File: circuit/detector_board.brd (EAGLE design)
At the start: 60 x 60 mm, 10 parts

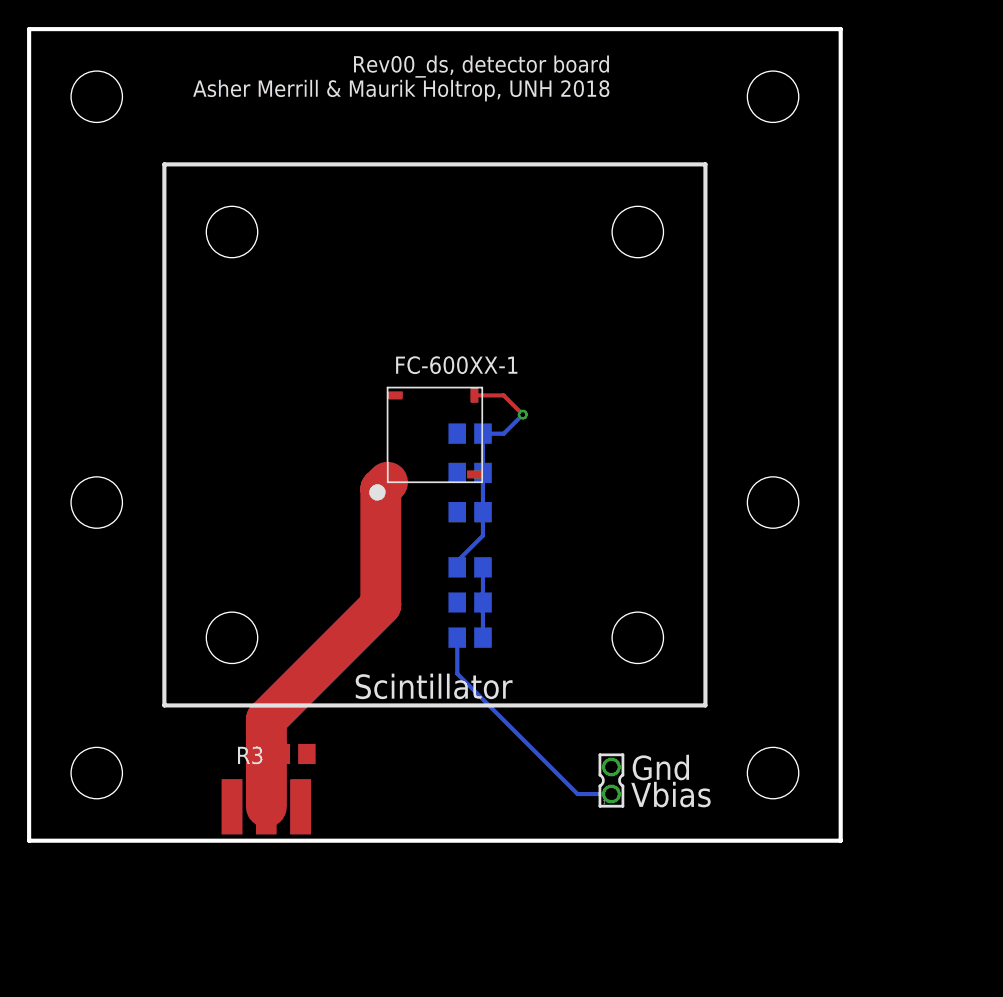
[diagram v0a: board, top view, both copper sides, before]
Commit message: Modified board. Tried to add Spice model.
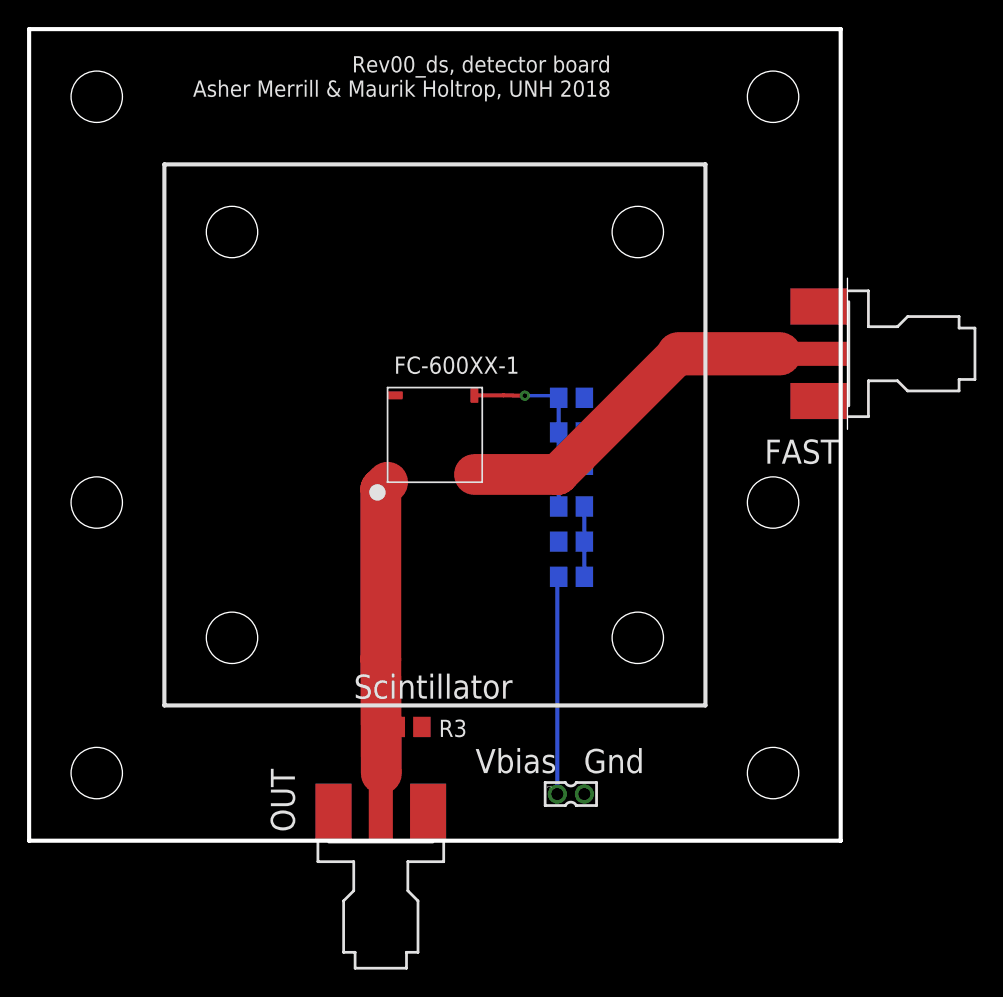
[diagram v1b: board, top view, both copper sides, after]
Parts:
- removed J$1: SMA_EDGE, SparkFun-Retired:SMA-EDGE
- added FAST, OUT: SMA-EDGE, 000phys605parts:SMA-EDGE
- FC-600XX-1: device 000phys605parts:FC-600XX-SMT_BLANK5 -> 000phys605parts:FC-600XX-SMT
- moved R1 8.75 mm to (40.1, 19.5)
- moved C1 8.75 mm to (40.1, 22.1)
- moved R2 8.75 mm to (40.1, 24.7)
- moved R3 8.73 mm to (28.1, 8.41)
- moved C2 8.28 mm to (40.1, 27.8), turned to 180 degrees
- moved C3 8.08 mm to (40.1, 30.2), turned to 180 degrees
- moved C4 7.95 mm to (40.1, 32.7), turned to 180 degrees
- moved SRC 3.16 mm to (40.0, 3.45), turned to 270 degrees
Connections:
- new net N$2: FAST.G@0, FC-600XX-1.F_FAST
- net GND: now also FAST.G@1, FAST.G@2, FAST.G@3, FAST.G@4, OUT.G@1, OUT.G@2, OUT.G@3, OUT.G@4; no longer J$1.GND@0, J$1.GND@1, J$1.GND@2, J$1.GND@3
- net V_AN: now also OUT.G@0; no longer J$1.SIG
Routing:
- net N$2: track 0.00 -> 26.3 mm
- net V_AN: track 29.9 -> 22.6 mm
- net VBIAS: track 18.4 -> 14.3 mm
- net N$4: track 17.7 -> 16.1 mm

+-------+

Reproduce the full listing faithfully, but do not carry over any pictures.

◆ **Response**
File: circuit/detector_board.brd (EAGLE design)
At the start: 60 x 60 mm, 10 parts

[diagram v0a: board, top view, both copper sides, before]
Commit message: Modified board. Tried to add Spice model.
[diagram v1b: board, top view, both copper sides, after]
Parts:
- removed J$1: SMA_EDGE, SparkFun-Retired:SMA-EDGE
- added FAST, OUT: SMA-EDGE, 000phys605parts:SMA-EDGE
- FC-600XX-1: device 000phys605parts:FC-600XX-SMT_BLANK5 -> 000phys605parts:FC-600XX-SMT
- moved R1 8.75 mm to (40.1, 19.5)
- moved C1 8.75 mm to (40.1, 22.1)
- moved R2 8.75 mm to (40.1, 24.7)
- moved R3 8.73 mm to (28.1, 8.41)
- moved C2 8.28 mm to (40.1, 27.8), turned to 180 degrees
- moved C3 8.08 mm to (40.1, 30.2), turned to 180 degrees
- moved C4 7.95 mm to (40.1, 32.7), turned to 180 degrees
- moved SRC 3.16 mm to (40.0, 3.45), turned to 270 degrees
Connections:
- new net N$2: FAST.G@0, FC-600XX-1.F_FAST
- net GND: now also FAST.G@1, FAST.G@2, FAST.G@3, FAST.G@4, OUT.G@1, OUT.G@2, OUT.G@3, OUT.G@4; no longer J$1.GND@0, J$1.GND@1, J$1.GND@2, J$1.GND@3
- net V_AN: now also OUT.G@0; no longer J$1.SIG
Routing:
- net N$2: track 0.00 -> 26.3 mm
- net V_AN: track 29.9 -> 22.6 mm
- net VBIAS: track 18.4 -> 14.3 mm
- net N$4: track 17.7 -> 16.1 mm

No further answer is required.